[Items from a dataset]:
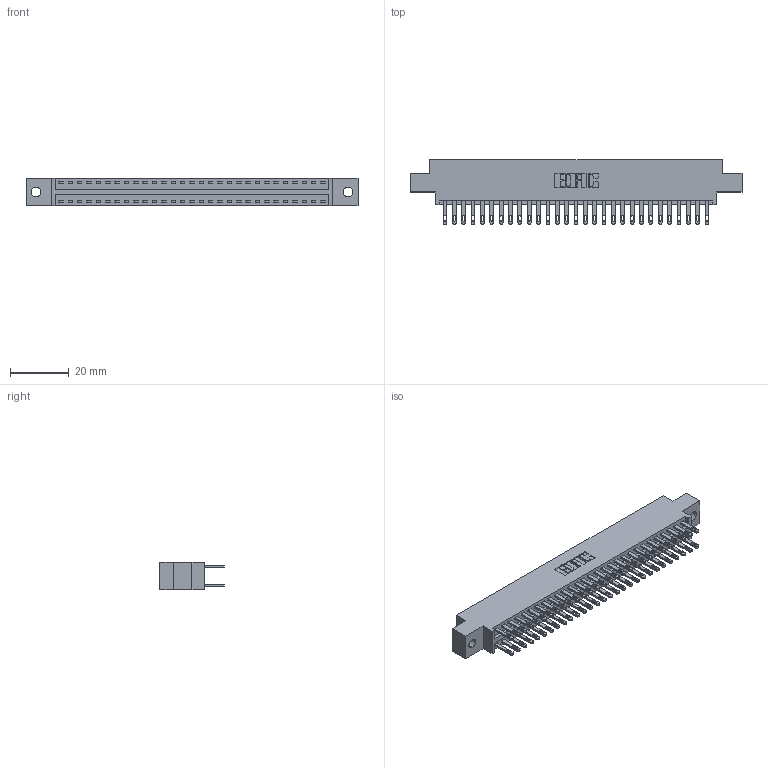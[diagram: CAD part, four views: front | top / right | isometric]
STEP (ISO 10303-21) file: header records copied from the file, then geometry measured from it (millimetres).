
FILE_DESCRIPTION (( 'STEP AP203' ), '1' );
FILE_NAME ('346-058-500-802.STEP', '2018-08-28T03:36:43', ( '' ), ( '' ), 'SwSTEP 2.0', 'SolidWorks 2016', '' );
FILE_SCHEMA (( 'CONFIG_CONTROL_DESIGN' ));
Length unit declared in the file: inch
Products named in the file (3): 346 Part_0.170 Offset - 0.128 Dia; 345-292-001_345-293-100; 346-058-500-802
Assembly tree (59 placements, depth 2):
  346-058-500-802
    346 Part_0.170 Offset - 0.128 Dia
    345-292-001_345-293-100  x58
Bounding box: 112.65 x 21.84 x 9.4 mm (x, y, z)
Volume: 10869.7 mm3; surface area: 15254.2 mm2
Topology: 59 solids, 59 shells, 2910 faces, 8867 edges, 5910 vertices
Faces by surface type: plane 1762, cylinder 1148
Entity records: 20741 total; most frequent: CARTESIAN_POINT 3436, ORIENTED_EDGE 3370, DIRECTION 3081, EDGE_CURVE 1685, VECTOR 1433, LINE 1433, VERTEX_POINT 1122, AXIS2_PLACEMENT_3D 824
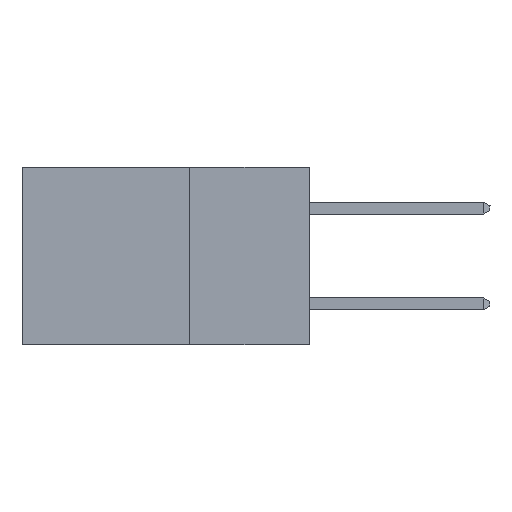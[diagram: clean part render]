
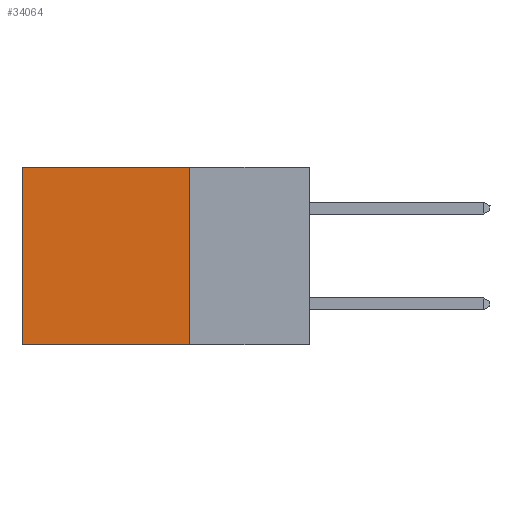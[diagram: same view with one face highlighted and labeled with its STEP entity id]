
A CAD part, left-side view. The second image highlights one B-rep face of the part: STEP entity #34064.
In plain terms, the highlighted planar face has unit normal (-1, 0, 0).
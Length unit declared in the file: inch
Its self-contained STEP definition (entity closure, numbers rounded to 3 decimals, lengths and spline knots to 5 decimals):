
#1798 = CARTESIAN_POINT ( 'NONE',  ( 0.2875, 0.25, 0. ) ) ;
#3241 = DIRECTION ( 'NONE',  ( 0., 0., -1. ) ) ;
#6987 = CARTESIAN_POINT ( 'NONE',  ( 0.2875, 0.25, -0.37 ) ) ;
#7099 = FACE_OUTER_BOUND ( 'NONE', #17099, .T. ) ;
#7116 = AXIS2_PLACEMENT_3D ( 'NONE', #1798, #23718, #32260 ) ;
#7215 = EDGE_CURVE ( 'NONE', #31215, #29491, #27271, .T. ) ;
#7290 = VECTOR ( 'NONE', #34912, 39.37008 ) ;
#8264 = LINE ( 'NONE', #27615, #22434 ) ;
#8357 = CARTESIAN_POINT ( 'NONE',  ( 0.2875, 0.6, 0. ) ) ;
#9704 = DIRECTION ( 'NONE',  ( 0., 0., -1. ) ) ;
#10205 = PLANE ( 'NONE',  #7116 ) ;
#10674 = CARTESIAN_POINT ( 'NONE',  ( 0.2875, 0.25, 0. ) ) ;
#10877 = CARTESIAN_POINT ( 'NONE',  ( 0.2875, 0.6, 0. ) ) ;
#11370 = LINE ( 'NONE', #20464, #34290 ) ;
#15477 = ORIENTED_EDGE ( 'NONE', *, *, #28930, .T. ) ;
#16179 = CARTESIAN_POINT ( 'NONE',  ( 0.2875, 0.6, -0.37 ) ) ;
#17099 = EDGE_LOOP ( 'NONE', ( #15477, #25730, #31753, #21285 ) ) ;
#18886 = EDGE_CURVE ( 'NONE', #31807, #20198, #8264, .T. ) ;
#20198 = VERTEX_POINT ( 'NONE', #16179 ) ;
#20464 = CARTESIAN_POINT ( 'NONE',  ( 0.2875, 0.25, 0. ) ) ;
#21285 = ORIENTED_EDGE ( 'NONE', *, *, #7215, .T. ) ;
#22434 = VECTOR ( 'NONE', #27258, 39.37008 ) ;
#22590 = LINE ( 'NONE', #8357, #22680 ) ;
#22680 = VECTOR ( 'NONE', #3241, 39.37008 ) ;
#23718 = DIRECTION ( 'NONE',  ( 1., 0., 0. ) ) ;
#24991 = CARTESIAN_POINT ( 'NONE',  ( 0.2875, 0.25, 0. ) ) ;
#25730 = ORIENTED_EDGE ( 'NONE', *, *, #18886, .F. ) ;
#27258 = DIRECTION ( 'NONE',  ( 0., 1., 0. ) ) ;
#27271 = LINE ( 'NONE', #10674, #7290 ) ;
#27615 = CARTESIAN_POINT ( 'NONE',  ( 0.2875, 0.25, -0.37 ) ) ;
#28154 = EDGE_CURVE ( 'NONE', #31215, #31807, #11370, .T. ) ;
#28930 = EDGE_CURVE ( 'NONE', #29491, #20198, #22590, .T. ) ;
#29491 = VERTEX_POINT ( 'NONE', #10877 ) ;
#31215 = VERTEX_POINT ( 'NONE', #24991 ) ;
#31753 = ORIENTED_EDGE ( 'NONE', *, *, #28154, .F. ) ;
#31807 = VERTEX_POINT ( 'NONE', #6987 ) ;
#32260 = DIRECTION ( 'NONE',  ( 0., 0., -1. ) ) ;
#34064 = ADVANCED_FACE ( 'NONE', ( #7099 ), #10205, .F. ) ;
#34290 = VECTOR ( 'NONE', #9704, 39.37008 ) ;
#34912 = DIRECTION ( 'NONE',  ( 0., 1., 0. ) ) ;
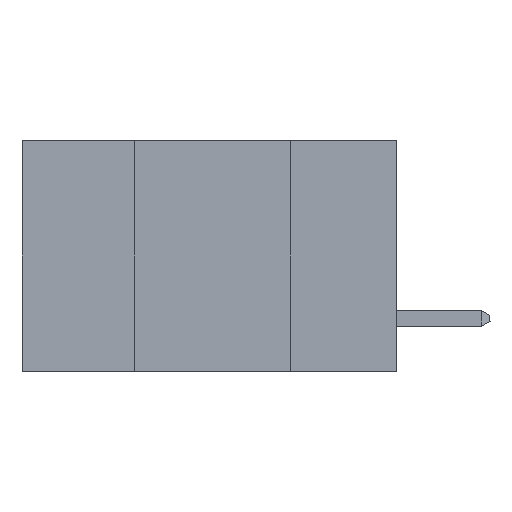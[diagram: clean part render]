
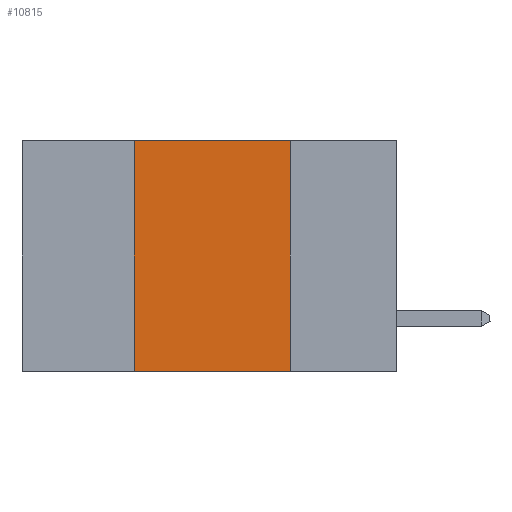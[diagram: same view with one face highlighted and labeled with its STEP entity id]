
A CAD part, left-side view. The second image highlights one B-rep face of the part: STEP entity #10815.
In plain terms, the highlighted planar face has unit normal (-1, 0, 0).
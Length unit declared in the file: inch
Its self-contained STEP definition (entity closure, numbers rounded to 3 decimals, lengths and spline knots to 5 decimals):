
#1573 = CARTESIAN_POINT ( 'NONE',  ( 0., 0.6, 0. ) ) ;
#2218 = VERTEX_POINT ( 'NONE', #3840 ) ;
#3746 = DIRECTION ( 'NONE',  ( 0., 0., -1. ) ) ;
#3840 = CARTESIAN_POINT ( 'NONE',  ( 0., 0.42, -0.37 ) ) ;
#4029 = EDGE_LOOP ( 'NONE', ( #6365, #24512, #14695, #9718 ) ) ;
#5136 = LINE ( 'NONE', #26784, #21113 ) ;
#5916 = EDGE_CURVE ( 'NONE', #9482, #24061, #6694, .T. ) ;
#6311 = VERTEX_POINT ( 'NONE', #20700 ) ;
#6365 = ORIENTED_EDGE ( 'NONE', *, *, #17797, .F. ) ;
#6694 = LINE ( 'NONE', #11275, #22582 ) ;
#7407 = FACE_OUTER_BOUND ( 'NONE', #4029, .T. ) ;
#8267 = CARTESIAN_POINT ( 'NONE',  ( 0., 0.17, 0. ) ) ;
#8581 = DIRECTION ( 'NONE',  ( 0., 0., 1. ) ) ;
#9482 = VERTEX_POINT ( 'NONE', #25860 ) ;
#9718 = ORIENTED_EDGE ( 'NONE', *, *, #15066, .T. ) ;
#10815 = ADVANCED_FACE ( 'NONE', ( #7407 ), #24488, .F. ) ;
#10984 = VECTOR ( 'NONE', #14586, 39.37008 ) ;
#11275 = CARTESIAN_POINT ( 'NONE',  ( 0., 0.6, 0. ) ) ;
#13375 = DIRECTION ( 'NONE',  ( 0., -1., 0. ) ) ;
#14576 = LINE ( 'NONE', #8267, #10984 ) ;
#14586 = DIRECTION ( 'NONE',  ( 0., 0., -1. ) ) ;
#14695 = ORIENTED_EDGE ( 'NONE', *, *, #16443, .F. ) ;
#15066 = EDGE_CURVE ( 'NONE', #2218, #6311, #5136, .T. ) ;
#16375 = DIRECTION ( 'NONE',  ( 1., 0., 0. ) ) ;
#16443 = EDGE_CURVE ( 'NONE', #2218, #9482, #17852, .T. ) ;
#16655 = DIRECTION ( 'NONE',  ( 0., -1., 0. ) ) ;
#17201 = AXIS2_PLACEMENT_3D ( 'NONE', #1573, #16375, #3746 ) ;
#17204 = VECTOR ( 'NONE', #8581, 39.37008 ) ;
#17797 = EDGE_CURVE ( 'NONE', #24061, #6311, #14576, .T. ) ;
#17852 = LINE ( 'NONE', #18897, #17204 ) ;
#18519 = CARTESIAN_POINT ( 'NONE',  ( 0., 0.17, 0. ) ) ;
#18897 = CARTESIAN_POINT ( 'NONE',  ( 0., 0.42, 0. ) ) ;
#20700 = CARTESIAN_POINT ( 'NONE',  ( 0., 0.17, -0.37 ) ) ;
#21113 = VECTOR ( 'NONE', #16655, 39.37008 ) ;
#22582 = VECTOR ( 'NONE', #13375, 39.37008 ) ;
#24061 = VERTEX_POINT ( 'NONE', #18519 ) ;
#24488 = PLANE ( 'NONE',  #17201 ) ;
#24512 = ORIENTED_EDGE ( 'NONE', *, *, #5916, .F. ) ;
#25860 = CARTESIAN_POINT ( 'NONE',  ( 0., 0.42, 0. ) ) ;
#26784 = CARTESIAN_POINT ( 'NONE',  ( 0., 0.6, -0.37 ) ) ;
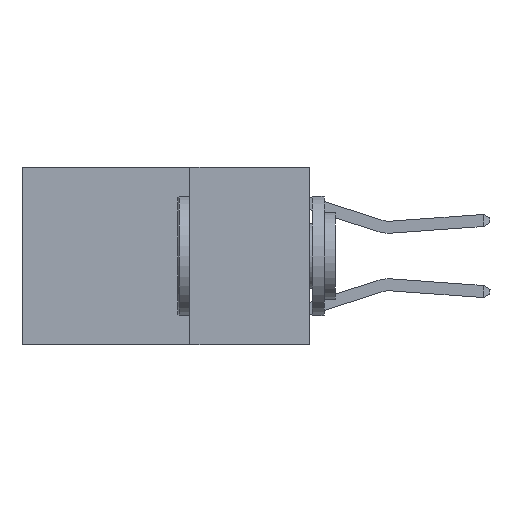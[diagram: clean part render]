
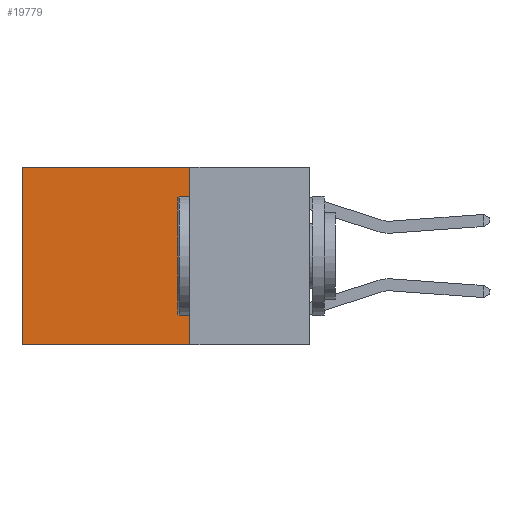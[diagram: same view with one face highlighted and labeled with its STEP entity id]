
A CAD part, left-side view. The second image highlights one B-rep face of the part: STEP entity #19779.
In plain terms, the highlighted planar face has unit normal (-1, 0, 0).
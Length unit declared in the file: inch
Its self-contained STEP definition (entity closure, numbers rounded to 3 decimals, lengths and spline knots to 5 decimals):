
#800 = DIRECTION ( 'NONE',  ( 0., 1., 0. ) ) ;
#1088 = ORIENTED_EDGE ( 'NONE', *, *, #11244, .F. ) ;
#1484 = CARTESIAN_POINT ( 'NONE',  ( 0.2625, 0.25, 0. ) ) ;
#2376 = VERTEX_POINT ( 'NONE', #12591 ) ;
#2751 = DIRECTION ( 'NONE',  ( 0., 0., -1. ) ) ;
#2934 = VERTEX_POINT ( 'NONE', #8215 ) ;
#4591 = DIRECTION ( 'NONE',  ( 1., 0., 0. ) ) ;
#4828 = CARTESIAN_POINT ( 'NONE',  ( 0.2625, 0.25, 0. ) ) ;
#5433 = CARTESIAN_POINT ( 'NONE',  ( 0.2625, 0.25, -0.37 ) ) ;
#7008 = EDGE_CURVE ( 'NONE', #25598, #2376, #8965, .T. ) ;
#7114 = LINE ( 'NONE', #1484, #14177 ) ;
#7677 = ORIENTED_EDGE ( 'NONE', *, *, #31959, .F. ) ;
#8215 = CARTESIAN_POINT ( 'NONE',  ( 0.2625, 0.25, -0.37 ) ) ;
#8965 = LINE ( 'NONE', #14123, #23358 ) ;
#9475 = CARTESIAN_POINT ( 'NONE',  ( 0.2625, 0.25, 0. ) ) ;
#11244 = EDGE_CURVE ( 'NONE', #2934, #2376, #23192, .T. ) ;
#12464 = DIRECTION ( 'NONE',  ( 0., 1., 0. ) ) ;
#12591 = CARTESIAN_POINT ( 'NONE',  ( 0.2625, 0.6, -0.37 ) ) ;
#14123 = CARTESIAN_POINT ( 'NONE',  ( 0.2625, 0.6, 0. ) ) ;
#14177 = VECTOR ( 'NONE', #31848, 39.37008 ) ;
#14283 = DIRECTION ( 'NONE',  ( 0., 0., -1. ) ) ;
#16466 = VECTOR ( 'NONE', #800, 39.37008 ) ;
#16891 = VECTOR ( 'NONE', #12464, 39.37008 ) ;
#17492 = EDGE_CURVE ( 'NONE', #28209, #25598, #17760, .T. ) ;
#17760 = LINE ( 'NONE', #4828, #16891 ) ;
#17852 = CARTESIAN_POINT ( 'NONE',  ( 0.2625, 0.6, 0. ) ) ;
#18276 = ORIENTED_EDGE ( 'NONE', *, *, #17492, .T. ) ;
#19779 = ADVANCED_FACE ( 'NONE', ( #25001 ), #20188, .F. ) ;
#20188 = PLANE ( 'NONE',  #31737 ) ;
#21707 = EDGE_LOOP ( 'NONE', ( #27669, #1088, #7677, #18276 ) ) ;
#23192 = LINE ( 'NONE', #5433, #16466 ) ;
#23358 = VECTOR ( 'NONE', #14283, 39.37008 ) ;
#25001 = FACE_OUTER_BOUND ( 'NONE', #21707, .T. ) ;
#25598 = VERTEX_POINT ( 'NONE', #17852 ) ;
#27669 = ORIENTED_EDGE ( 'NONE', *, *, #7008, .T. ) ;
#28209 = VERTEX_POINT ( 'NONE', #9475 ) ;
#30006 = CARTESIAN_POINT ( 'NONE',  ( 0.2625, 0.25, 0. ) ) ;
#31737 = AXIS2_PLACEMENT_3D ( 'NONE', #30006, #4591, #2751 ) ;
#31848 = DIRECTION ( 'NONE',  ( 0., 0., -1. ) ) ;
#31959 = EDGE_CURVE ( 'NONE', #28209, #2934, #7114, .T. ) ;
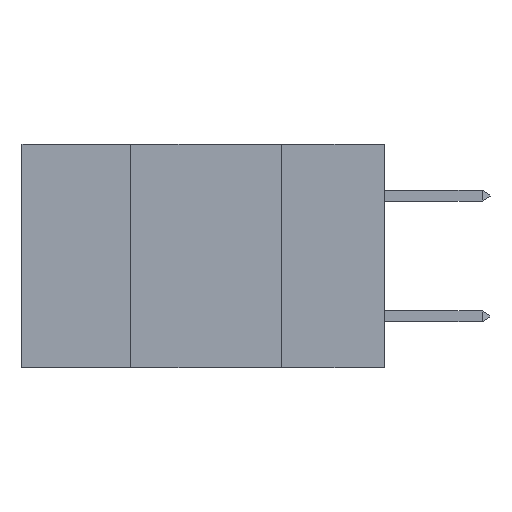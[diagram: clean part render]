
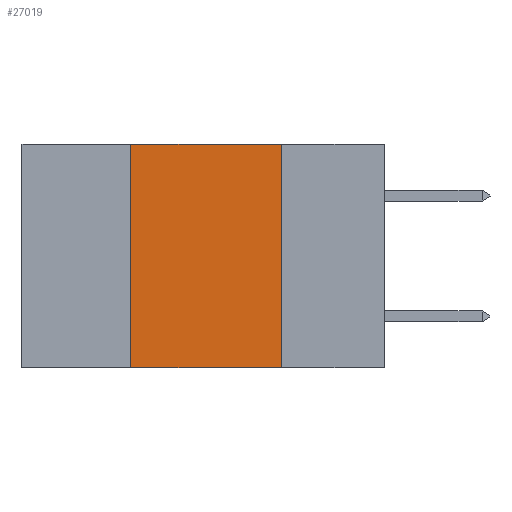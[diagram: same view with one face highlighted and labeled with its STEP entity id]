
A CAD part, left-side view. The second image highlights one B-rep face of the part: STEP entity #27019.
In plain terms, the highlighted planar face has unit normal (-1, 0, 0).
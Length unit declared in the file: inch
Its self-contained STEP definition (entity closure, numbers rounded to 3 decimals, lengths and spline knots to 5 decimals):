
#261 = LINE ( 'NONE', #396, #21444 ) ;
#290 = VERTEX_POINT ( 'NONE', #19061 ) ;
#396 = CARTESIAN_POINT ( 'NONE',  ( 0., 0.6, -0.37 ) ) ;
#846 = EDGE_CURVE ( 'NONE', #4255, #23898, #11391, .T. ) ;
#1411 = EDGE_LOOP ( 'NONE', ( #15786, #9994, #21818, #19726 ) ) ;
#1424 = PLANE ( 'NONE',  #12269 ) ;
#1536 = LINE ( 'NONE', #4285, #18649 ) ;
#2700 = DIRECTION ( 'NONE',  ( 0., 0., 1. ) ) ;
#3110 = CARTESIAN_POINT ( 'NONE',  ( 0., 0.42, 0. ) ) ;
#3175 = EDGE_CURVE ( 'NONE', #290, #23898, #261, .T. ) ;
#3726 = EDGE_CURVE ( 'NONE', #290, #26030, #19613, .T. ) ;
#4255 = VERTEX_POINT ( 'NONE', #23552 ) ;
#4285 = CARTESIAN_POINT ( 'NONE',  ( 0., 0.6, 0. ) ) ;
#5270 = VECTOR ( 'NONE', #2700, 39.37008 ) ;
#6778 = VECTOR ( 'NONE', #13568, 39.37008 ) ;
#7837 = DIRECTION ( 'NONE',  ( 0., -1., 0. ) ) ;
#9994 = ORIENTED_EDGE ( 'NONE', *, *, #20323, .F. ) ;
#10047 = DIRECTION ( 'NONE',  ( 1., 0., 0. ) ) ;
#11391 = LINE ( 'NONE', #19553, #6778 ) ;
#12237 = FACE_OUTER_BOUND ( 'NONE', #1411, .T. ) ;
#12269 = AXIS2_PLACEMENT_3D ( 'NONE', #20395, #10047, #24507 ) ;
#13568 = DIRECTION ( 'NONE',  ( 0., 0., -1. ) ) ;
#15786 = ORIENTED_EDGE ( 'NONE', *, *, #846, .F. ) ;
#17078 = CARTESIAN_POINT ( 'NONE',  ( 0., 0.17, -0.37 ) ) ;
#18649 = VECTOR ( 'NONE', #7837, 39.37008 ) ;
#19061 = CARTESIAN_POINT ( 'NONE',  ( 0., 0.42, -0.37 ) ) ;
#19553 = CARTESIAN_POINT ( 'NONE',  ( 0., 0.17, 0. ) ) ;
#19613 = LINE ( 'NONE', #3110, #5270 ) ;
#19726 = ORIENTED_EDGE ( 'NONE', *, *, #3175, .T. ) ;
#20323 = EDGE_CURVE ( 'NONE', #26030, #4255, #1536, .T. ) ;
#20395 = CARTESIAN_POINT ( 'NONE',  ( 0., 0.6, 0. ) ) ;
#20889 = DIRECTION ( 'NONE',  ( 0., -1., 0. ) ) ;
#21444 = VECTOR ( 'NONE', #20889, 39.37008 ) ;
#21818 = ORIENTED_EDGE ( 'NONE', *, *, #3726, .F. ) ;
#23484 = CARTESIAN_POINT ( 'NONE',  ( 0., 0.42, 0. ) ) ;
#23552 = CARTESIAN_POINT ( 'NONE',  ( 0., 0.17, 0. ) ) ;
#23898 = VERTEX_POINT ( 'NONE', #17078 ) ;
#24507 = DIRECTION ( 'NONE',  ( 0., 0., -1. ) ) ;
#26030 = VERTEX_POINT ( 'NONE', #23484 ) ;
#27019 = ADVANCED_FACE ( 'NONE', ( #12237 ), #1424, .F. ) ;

[Exercise aim]:
Retype exactly the lines above, from the one with "#7407 = FACE_OUTER_BOUND" through the one with "#10815 = ADVANCED_FACE", inclusive.

[Solution to this exercise]:
#7407 = FACE_OUTER_BOUND ( 'NONE', #4029, .T. ) ;
#8267 = CARTESIAN_POINT ( 'NONE',  ( 0., 0.17, 0. ) ) ;
#8581 = DIRECTION ( 'NONE',  ( 0., 0., 1. ) ) ;
#9482 = VERTEX_POINT ( 'NONE', #25860 ) ;
#9718 = ORIENTED_EDGE ( 'NONE', *, *, #15066, .T. ) ;
#10815 = ADVANCED_FACE ( 'NONE', ( #7407 ), #24488, .F. ) ;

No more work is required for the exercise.